(MATERIAL PROVIDED begins)

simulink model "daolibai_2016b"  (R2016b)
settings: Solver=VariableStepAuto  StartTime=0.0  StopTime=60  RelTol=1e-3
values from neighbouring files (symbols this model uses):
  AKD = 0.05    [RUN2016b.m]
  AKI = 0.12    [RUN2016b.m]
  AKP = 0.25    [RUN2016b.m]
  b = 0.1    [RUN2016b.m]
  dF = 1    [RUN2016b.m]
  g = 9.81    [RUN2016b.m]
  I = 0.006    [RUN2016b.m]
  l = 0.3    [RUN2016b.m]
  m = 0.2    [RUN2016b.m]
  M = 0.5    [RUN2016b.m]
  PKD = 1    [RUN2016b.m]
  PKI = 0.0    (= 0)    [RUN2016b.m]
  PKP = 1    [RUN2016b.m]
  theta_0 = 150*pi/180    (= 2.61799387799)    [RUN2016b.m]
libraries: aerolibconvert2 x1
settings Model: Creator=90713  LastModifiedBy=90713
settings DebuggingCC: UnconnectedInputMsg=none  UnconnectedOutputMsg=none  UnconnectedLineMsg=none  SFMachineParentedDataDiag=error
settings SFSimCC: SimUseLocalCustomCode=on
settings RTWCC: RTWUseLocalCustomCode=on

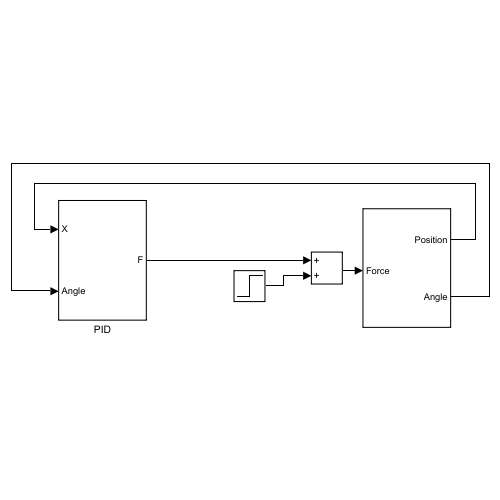
[thumbnail: Simulink's stored preview of the top-level diagram]
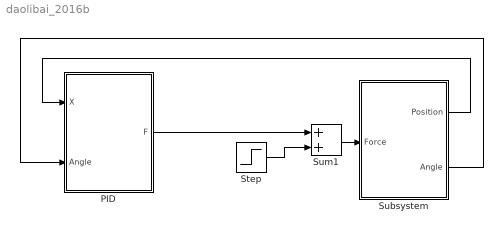
== system daolibai_2016b ==
  PID : Subsystem
  Step : Step  Time=20  After=dF  SampleTime=1
  Subsystem : Subsystem
  Sum1 : Sum
  wires:
  Step/1 -> Sum1/2
  Subsystem/2(Angle) -> PID/2(Angle)
  Subsystem/1(Position) -> PID/1(X)
  PID/1(F) -> Sum1/1
  Sum1/1 -> Subsystem/1(Force)

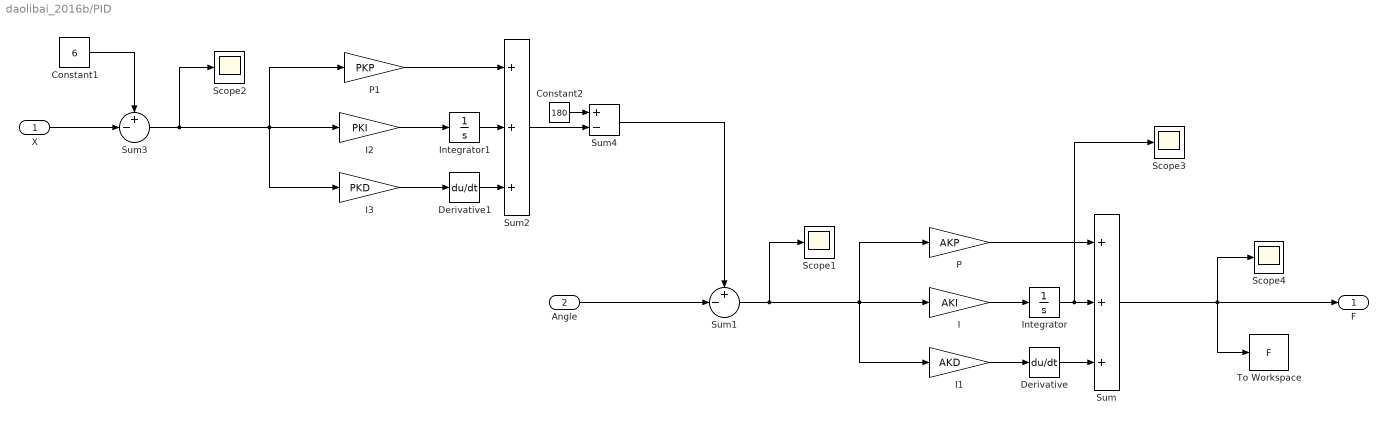
== system daolibai_2016b/PID ==
  X : Inport
  Angle : Inport  Port=2
  Constant1 : Constant  Value=6
  Constant2 : Constant  Value=180
  Derivative : Derivative
  Derivative1 : Derivative
  I : Gain  Gain=AKI
  I1 : Gain  Gain=AKD
  I2 : Gain  Gain=PKI
  I3 : Gain  Gain=PKD
  Integrator : Integrator  LimitOutput=on  UpperSaturationLimit=400  LowerSaturationLimit=-400
  Integrator1 : Integrator  LimitOutput=on  UpperSaturationLimit=400  LowerSaturationLimit=-400
  P : Gain  Gain=AKP
  P1 : Gain  Gain=PKP
  Scope{1..4} (4 alike) : Scope
  Sum : Sum  Inputs=+++
  Sum1 : Sum  Inputs=+-|
  Sum2 : Sum  Inputs=+++
  Sum3 : Sum  Inputs=+-|
  Sum4 : Sum  Inputs=+-
  To Workspace : ToWorkspace  VariableName=F  SampleTime=-1
  F : Outport
  wires:
  I/1 -> Integrator/1
  I1/1 -> Derivative/1
  Derivative/1 -> Sum/3
  P/1 -> Sum/1
  Integrator/1 -> Scope3/1, Sum/2
  Sum/1 -> To Workspace/1, F/1, Scope4/1
  Sum1/1 -> Scope1/1, I1/1, P/1, I/1
  P1/1 -> Sum2/1
  Integrator1/1 -> Sum2/2
  Derivative1/1 -> Sum2/3
  I2/1 -> Integrator1/1
  Sum3/1 -> Scope2/1, I3/1, P1/1, I2/1
  X/1 -> Sum3/2
  I3/1 -> Derivative1/1
  Sum2/1 -> Sum4/2
  Constant2/1 -> Sum4/1
  Constant1/1 -> Sum3/1
  Sum4/1 -> Sum1/1
  Angle/1 -> Sum1/2

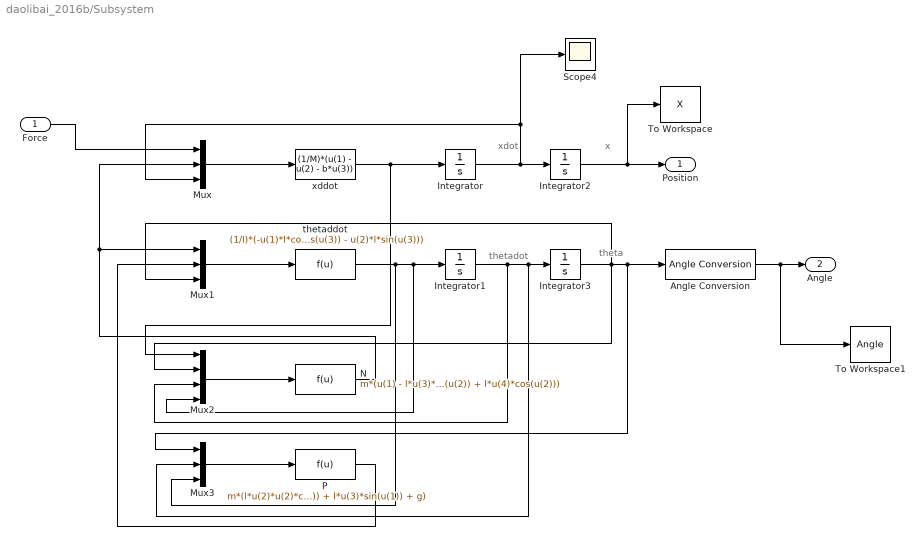
== system daolibai_2016b/Subsystem ==
  note: theta
  note: x
  note: thetadot
  note: xdot
  Force : Inport
  Angle Conversion : aerolibconvert2/Angle Conversion  IU=rad  OU=deg
  Integrator : Integrator  ContinuousStateAttributes='xdot'
  Integrator1 : Integrator  ContinuousStateAttributes='thetadot'
  Integrator2 : Integrator  ContinuousStateAttributes='x'
  Integrator3 : Integrator  InitialCondition=theta_0  ContinuousStateAttributes='theta'
  Mux : Mux  Inputs=3
  Mux1 : Mux  Inputs=3
  Mux2 : Mux
  Mux3 : Mux  Inputs=3
  N : Fcn  Expr=m*(u(1) - l*u(3)*u(3)*sin(u(2)) + l*u(4)*cos(u(2)))
  P : Fcn  Expr=m*(l*u(2)*u(2)*cos(u(1)) + l*u(3)*sin(u(1)) + g)
  Scope4 : Scope
  To Workspace : ToWorkspace  VariableName=X  SaveFormat=Timeseries  SampleTime=-1
  To Workspace1 : ToWorkspace  VariableName=Angle  SaveFormat=Timeseries  SampleTime=-1
  thetaddot : Fcn  Expr=(1/I)*(-u(1)*l*cos(u(3)) - u(2)*l*sin(u(3)))
  xddot : Fcn  Expr=(1/M)*(u(1) - u(2) - b*u(3))
  Position : Outport
  Angle : Outport  Port=2
  wires:
  Force/1 -> Mux/1
  Mux2/1 -> N/1
  Mux/1 -> xddot/1
  P/1 -> Mux1/2
  Mux3/1 -> P/1
  N/1 -> Mux1/1, Mux/2
  Mux1/1 -> thetaddot/1
  xddot/1 -> Mux2/1, Integrator/1
  Integrator2/1 -> To Workspace/1, Position/1
  thetaddot/1 -> Mux3/3, Mux2/4, Integrator1/1
  Integrator/1 -> Scope4/1, Mux/3, Integrator2/1
  Integrator1/1 -> Mux2/3, Mux3/2, Integrator3/1
  Integrator3/1 -> Mux2/2, Mux1/3, Angle Conversion/1, Mux3/1
  Angle Conversion/1 -> To Workspace1/1, Angle/1
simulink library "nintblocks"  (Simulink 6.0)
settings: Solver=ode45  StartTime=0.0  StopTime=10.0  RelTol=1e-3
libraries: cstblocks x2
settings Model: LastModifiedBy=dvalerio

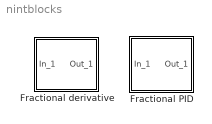
== system nintblocks ==
  Fractional PID : Subsystem  mask(Fractional PID controller){kp=1, kd=1, vd=0.5, ki=1, vi=-0.5, bandwidth=[0.01 100], n=5, form1=crone, exp1=mcltime, decomp1=frac}
      mask prompts: form1 "formula:"; exp1 "expansion:"; decomp1 "decomposition:"
      mask help: Enter expressions for the parameters of function nipid.
      mask init:
      | form2 = {'crone', 'carlson', 'matsuda', 'cfehigh', 'cfelow', 'tustin', 'simpson', '1ofd', '2ofd', '3ofd', 'delta', 'impulse', 'step'};
      | formula = form2{form1};
      | exp2 = {'mcltime', 'mcltimeINV', 'cfe', 'cfeINV'};
      | expansion = exp2{exp1};
      | decomp2 = {'frac', 'all'};
      | decomposition = decomp2{decomp1};
      mask Help: Type 'help nipid' at the command prompt for further help.
      mask StyleString: edit,edit,edit,edit,edit,edit,edit,popup(crone|carlson|matsuda|cfehigh|cfelow|tustin|simpson|1ofd|2ofd|3ofd|delta|impulse|step),popup(mcltime|mcltimeINV|cfe|cfeINV),popup(frac|all)
      mask Display: fprintf('nipid')
  Fractional derivative : Subsystem  mask(Fractional derivative){k=1, v=0.5, bandwidth=[0.01 100], n=5, form1=crone, exp1=mcltime, decomp1=frac}
      mask prompts: form1 "formula:"; exp1 "expansion:"; decomp1 "decomposition:"
      mask help: Enter expressions for the parameters of function nid.
      mask init: same as nintblocks/Fractional PID
      mask Help: Type 'help nid' at the command prompt for further help.
      mask StyleString: edit,edit,edit,edit,popup(crone|carlson|matsuda|cfehigh|cfelow|tustin|simpson|1ofd|2ofd|3ofd|delta|impulse|step),popup(mcltime|mcltimeINV|cfe|cfeINV),popup(frac|all)
      mask Display: fprintf('nid')

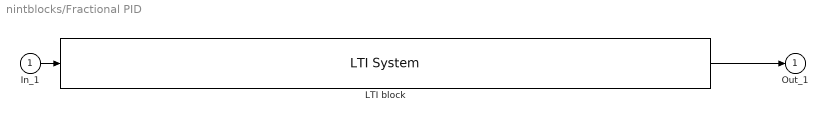
== system nintblocks/Fractional PID ==
  In_1 : Inport  Port=1  LatchInput=off
  LTI block : cstblocks/LTI System  sys=nipid(kp, kd, vd, ki, vi, bandwidth, n, formula, expansion, decomposition)  IC=[]
  Out_1 : Outport  InitialOutput=0
  wires:
  In_1/1 -> LTI block/1
  LTI block/1 -> Out_1/1

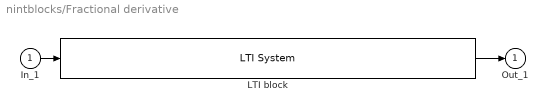
== system nintblocks/Fractional derivative ==
  In_1 : Inport  Port=1  LatchInput=off
  LTI block : cstblocks/LTI System  sys=nid(k, v, bandwidth, n, formula, expansion, decomposition)  IC=[]
  Out_1 : Outport  InitialOutput=0
  wires:
  In_1/1 -> LTI block/1
  LTI block/1 -> Out_1/1

(MATERIAL PROVIDED ends)

EXERCISE
Show all lines above holding "Timeseries".

EXERCISE OUTPUT
  To Workspace : ToWorkspace  VariableName=X  SaveFormat=Timeseries  SampleTime=-1
  To Workspace1 : ToWorkspace  VariableName=Angle  SaveFormat=Timeseries  SampleTime=-1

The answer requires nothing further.